# Use Case: Parallel Nested Loops

One of the many applications of Dagger is that it can be used as a drop-in replacement for nested multi-threaded loops that would otherwise be written with `Threads.@threads`

.

Consider a simplified scenario where you want to calculate the maximum mean values of random samples of various lengths that have been generated by several distributions provided by the Distributions.jl package. The results should be collected into a DataFrame. We have the following function:

```
using Dagger, Random, Distributions, StatsBase, DataFrames
function f(dist, len, reps, σ)
v = Vector{Float64}(undef, len) # avoiding allocations
maximum(mean(rand!(dist, v)) for _ in 1:reps)/σ
end
```

Let us consider the following probability distributions for numerical experiments, all of which have expected values equal to zero, and the following lengths of vectors:

```
dists = [Cosine, Epanechnikov, Laplace, Logistic, Normal, NormalCanon, PGeneralizedGaussian, SkewNormal, SkewedExponentialPower, SymTriangularDist]
lens = [10, 20, 50, 100, 200, 500]
```

Using `Threads.@threads`

those experiments could be parallelized as:

```
function experiments_threads(dists, lens, K=1000)
res = DataFrame()
lck = ReentrantLock()
Threads.@threads for T in dists
dist = T()
σ = std(dist)
for L in lens
z = f(dist, L, K, σ)
Threads.lock(lck) do
push!(res, (;T, σ, L, z))
end
end
end
res
end
```

Note that `DataFrames.push!`

is not a thread safe operation and hence we need to utilize a locking mechanism in order to avoid two threads appending the DataFrame at the same time.

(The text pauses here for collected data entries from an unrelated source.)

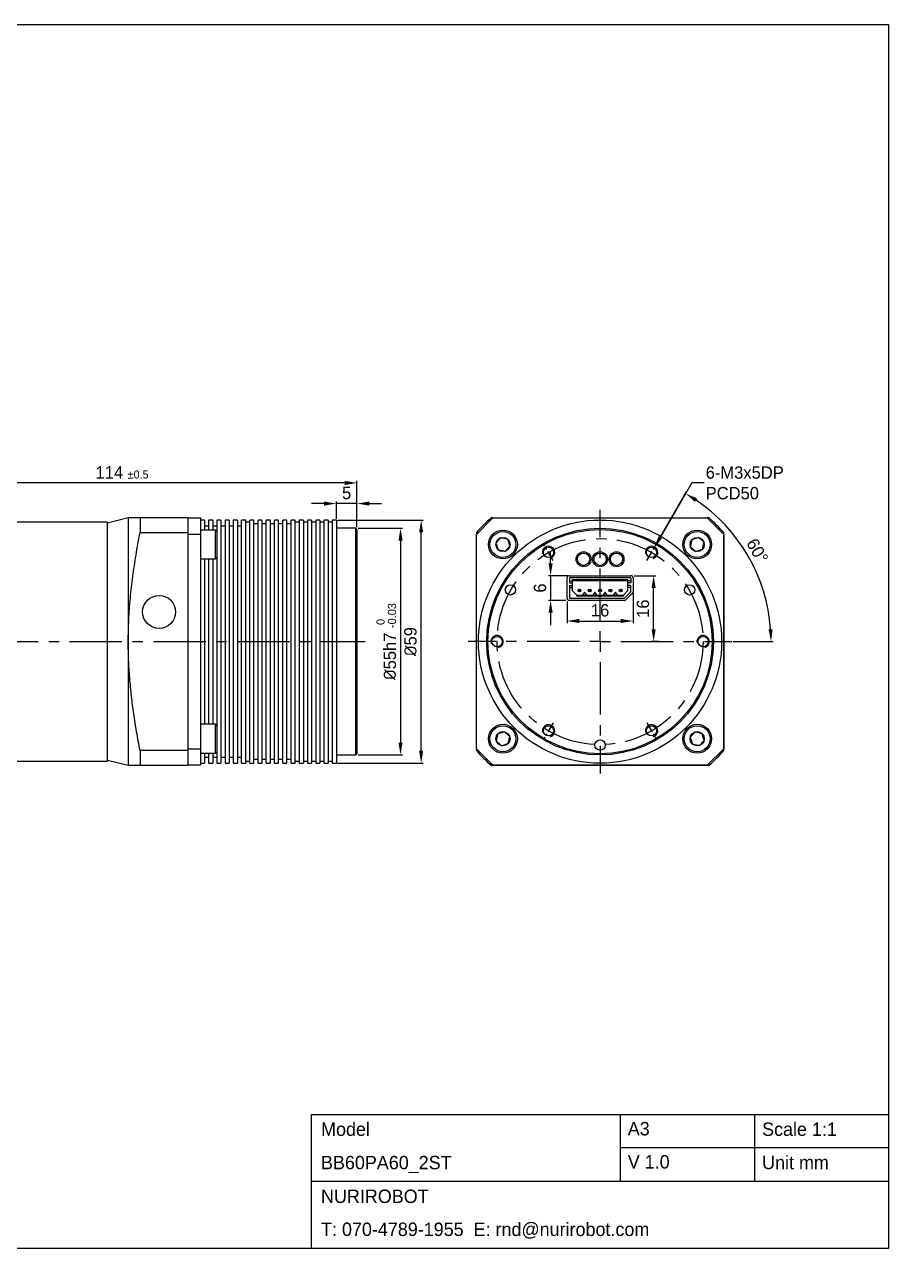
# Model space of a CAD drawing. Header units: millimetres. Extents: x 0 to 420, y 0 to 297.
# Drawn here: x 210.3 to 420, y 0 to 297 of the extents above; entities that cross this region are included whole.
import ezdxf

# ---------------------------------------------------------------- set-up
doc = ezdxf.new("R2010")
doc.units = ezdxf.units.MM
doc.header["$PDSIZE"] = -1
doc.linetypes.add('CENTERX2', pattern=[20.32, 12.7, -2.54, 2.54, -2.54])
doc.layers.add('외형선', color=7, linetype='Continuous', lineweight=25)
for name, color, linetype in [('중심선', 1, 'CENTERX2'), ('치수', 3, 'Continuous'), ('치수선', 3, 'Continuous')]:
    doc.layers.add(name, color=color, linetype=linetype)
doc.styles.add('누리로봇 문자스타일_20230829', font='GOTHIC.TTF')
doc.dimstyles.new('A3기본 치수스타일', dxfattribs={"dimtxt": 3, "dimasz": 3, "dimexe": 0.5, "dimexo": 0.3, "dimgap": 1, "dimtad": 1, "dimtoh": 1, "dimdec": 1, "dimzin": 12, "dimdsep": 46, "dimtxsty": '누리로봇 문자스타일_20230829', "dimcen": 0.09, "dimclrd": 3, "dimclre": 3, "dimclrt": 3, "dimadec": 0, "dimazin": 3, "dimtm": 1e-09, "dimtfac": 1, "dimtdec": 1, "dimtofl": 0, "dimtmove": 0, "dimatfit": 3, "dimfxl": 1, "dimfrac": 2, "dimarcsym": 0})
doc.dimstyles.new('A3지시선 치수스타일', dxfattribs={"dimtxt": 3, "dimasz": 3, "dimexe": 0.5, "dimexo": 0.3, "dimgap": 0.396875, "dimtad": 0, "dimtih": 1, "dimtoh": 1, "dimdec": 1, "dimzin": 12, "dimdsep": 46, "dimtxsty": '누리로봇 문자스타일_20230829', "dimcen": 0.09, "dimclrd": 3, "dimclre": 3, "dimclrt": 3, "dimadec": 0, "dimazin": 3, "dimtm": 1e-09, "dimtfac": 1, "dimtdec": 1, "dimtofl": 0, "dimtmove": 0, "dimatfit": 3, "dimfxl": 1, "dimfrac": 2, "dimarcsym": 0})
doc.dimstyles.new('A4기본 치수스타일', dxfattribs={"dimtxt": 3, "dimasz": 2.5, "dimexe": 0.5, "dimexo": 0.3, "dimgap": 1, "dimtad": 1, "dimtoh": 1, "dimdec": 1, "dimzin": 12, "dimdsep": 46, "dimtxsty": '누리로봇 문자스타일_20230829', "dimcen": 0.09, "dimclrd": 3, "dimclre": 3, "dimclrt": 3, "dimadec": 0, "dimazin": 3, "dimtm": 1e-09, "dimtfac": 1, "dimtdec": 1, "dimtofl": 0, "dimtmove": 0, "dimatfit": 3, "dimfxl": 1, "dimfrac": 2, "dimarcsym": 0})

# ---------------------------------------------------------------- blocks, each defined once
blk = doc.blocks.new('_D')
at = {"layer": 'Defpoints', "color": 0}
for p in [(358, 163.26), (363, 163.26), (364.61, 147.26)]:
    blk.add_point(p, dxfattribs=at)
at = {"layer": '치수', "color": 3, "lineweight": -2}
for p, q in [((358.3, 163.26), (363.5, 163.26)), ((363, 150.26), (363, 160.26)), ((364.31, 147.26), (362.5, 147.26))]:
    blk.add_line(p, q, dxfattribs=at)
at = {"layer": '치수', "color": 3}
for points in [[(362.5, 160.26), (363.5, 160.26), (363, 163.26)], [(362.5, 150.26), (363.5, 150.26), (363, 147.26)]]:
    blk.add_solid(points, dxfattribs=at)
at = {"layer": '치수', "color": 3, "insert": (360.42, 155.26), "char_height": 3, "attachment_point": 5, "rotation": 90, "style": '누리로봇 문자스타일_20230829'}
blk.add_mtext('16', dxfattribs=at)
blk = doc.blocks.new('_D_1')
at = {"layer": 'Defpoints', "color": 0}
for p in [(358, 159.37), (342, 157.26), (358, 152.26)]:
    blk.add_point(p, dxfattribs=at)
at = {"layer": '치수', "color": 3, "lineweight": -2}
for p, q in [((358, 159.07), (358, 151.76)), ((342, 156.96), (342, 151.76)), ((345, 152.26), (355, 152.26))]:
    blk.add_line(p, q, dxfattribs=at)
at = {"layer": '치수', "color": 3}
for points in [[(345, 152.76), (345, 151.76), (342, 152.26)], [(355, 152.76), (355, 151.76), (358, 152.26)]]:
    blk.add_solid(points, dxfattribs=at)
at = {"layer": '치수', "color": 3, "insert": (350, 154.84), "char_height": 3, "attachment_point": 5, "style": '누리로봇 문자스타일_20230829'}
blk.add_mtext('16', dxfattribs=at)
blk = doc.blocks.new('_D_2')
at = {"layer": 'Defpoints', "color": 0}
for p in [(342.5, 163.26), (338, 157.26), (342, 157.26)]:
    blk.add_point(p, dxfattribs=at)
at = {"layer": '치수', "color": 3, "lineweight": -2}
for p, q in [((338, 166.26), (338, 169.26)), ((342.2, 163.26), (337.5, 163.26)), ((338, 163.26), (338, 157.26)), ((341.7, 157.26), (337.5, 157.26)), ((338, 154.26), (338, 151.26))]:
    blk.add_line(p, q, dxfattribs=at)
at = {"layer": '치수', "color": 3}
for points in [[(337.5, 166.26), (338.5, 166.26), (338, 163.26)], [(337.5, 154.26), (338.5, 154.26), (338, 157.26)]]:
    blk.add_solid(points, dxfattribs=at)
at = {"layer": '치수', "color": 3, "insert": (335.42, 160.26), "char_height": 3, "attachment_point": 5, "rotation": 90, "style": '누리로봇 문자스타일_20230829'}
blk.add_mtext('6', dxfattribs=at)
blk = doc.blocks.new('SW_CENTERMARKSYMBOL_0')
at = {"layer": '중심선', "color": 0}
for p, q in [((0, 5), (0, 32)), ((-5, 0), (-32, 0)), ((0, 0), (-2.5, 0)), ((0, 0), (0, 2.5)), ((0, 0), (0, -2.5)), ((0, 0), (2.5, 0)), ((5, 0), (32, 0)), ((0, -5), (0, -32))]:
    blk.add_line(p, q, dxfattribs=at)
blk = doc.blocks.new('_D_4')
at = {"layer": 'Defpoints', "color": 0}
for p in [(291, 174.76), (291, 119.76), (301.58, 119.76)]:
    blk.add_point(p, dxfattribs=at)
at = {"layer": '치수선', "color": 3, "lineweight": -2}
for p, q in [((291.3, 174.76), (302.08, 174.76)), ((301.58, 171.76), (301.58, 122.76)), ((291.3, 119.76), (302.08, 119.76))]:
    blk.add_line(p, q, dxfattribs=at)
at = {"layer": '치수선', "color": 3}
for points in [[(301.08, 171.76), (302.08, 171.76), (301.58, 174.76)], [(301.08, 122.76), (302.08, 122.76), (301.58, 119.76)]]:
    blk.add_solid(points, dxfattribs=at)
at = {"layer": '치수선', "color": 3, "insert": (298.13, 147.26), "char_height": 3, "attachment_point": 5, "rotation": 90, "style": '누리로봇 문자스타일_20230829'}
blk.add_mtext('{\\fISOCPEUR|b0|i0|c0|p34;%%C}55h7 {\\H0.66x;\\S 0^ -0.03;}', dxfattribs=at)
blk = doc.blocks.new('_D_5')
at = {"layer": 'Defpoints', "color": 0}
for p in [(177, 185.76), (177, 177.26), (291, 174.76)]:
    blk.add_point(p, dxfattribs=at)
at = {"layer": '치수', "color": 3, "lineweight": -2}
for p, q in [((177, 177.56), (177, 186.26)), ((288, 185.76), (180, 185.76)), ((291, 175.06), (291, 186.26))]:
    blk.add_line(p, q, dxfattribs=at)
at = {"layer": '치수', "color": 3}
for points in [[(180, 186.26), (180, 185.26), (177, 185.76)], [(288, 186.26), (288, 185.26), (291, 185.76)]]:
    blk.add_solid(points, dxfattribs=at)
at = {"layer": '치수', "color": 3, "insert": (234, 188.32), "char_height": 3, "attachment_point": 5, "style": '누리로봇 문자스타일_20230829'}
blk.add_mtext('114 {\\H0.65x;%%P0.5}', dxfattribs=at)
blk = doc.blocks.new('*D39')
at = {"layer": 'Defpoints', "color": 0}
for p in [(286, 176.76), (306.58, 176.76), (286, 117.76)]:
    blk.add_point(p, dxfattribs=at)
at = {"layer": '치수선', "color": 3, "lineweight": -2}
for p, q in [((286.3, 176.76), (307.08, 176.76)), ((306.58, 120.76), (306.58, 173.76)), ((286.3, 117.76), (307.08, 117.76))]:
    blk.add_line(p, q, dxfattribs=at)
at = {"layer": '치수선', "color": 3}
for points in [[(306.08, 173.76), (307.08, 173.76), (306.58, 176.76)], [(306.08, 120.76), (307.08, 120.76), (306.58, 117.76)]]:
    blk.add_solid(points, dxfattribs=at)
at = {"layer": '치수선', "color": 3, "insert": (304, 147.26), "char_height": 3, "attachment_point": 5, "rotation": 90, "style": '누리로봇 문자스타일_20230829'}
blk.add_mtext('{\\fISOCPEUR|b0|i0|c0|p34;%%C}59', dxfattribs=at)
blk = doc.blocks.new('*D40')
at = {"layer": 'Defpoints', "color": 0}
for p in [(286, 180.76), (286, 176.76), (291, 174.76)]:
    blk.add_point(p, dxfattribs=at)
at = {"layer": '치수선', "color": 3, "lineweight": -2}
for p, q in [((286, 177.06), (286, 181.26)), ((291, 175.06), (291, 181.26)), ((283, 180.76), (280, 180.76)), ((291, 180.76), (286, 180.76)), ((294, 180.76), (297, 180.76))]:
    blk.add_line(p, q, dxfattribs=at)
at = {"layer": '치수선', "color": 3}
for points in [[(283, 181.26), (283, 180.26), (286, 180.76)], [(294, 181.26), (294, 180.26), (291, 180.76)]]:
    blk.add_solid(points, dxfattribs=at)
at = {"layer": '치수선', "color": 3, "insert": (288.5, 183.3), "char_height": 3, "attachment_point": 5, "style": '누리로봇 문자스타일_20230829'}
blk.add_mtext('5', dxfattribs=at)
blk = doc.blocks.new('*D44')
at = {"layer": 'Defpoints', "color": 0}
for p in [(363.13, 169.99), (361.88, 167.83)]:
    blk.add_point(p, dxfattribs=at)
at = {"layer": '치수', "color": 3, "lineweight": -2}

The same code could be rewritten in Dagger as:

```
function experiments_dagger(dists, lens, K=1000)
res = DataFrame()
@sync for T in dists
dist = T()
σ = Dagger.@spawn std(dist)
for L in lens
z = Dagger.@spawn f(dist, L, K, σ)
push!(res, (;T, σ, L, z))
end
end
res.z = fetch.(res.z)
res.σ = fetch.(res.σ)
res
end
```

In this code we have job interdependence. Firstly, we are calculating the standard deviation `σ`

and than we are using that value in the function `f`

. Since `Dagger.@spawn`

yields an `EagerThunk`

rather than actual values, we need to use the `fetch`

function to obtain those values. In this example, the value fetching is perfomed once all computations are completed (note that `@sync`

preceding the loop forces the loop to wait for all jobs to complete). Also, note that contrary to the previous example, we do not need to implement locking as we are just pushing the `EagerThunk`

results of `Dagger.@spawn`

serially into the DataFrame (which is fast since `Dagger.@spawn`

doesn't block).

The above use case scenario has been tested by running `julia -t 8`

(or with `JULIA_NUM_THREADS=8`

as environment variable). The `Threads.@threads`

code takes 1.8 seconds to run, while the Dagger code, which is also one line shorter, runs around 0.9 seconds, resulting in a 2x speedup.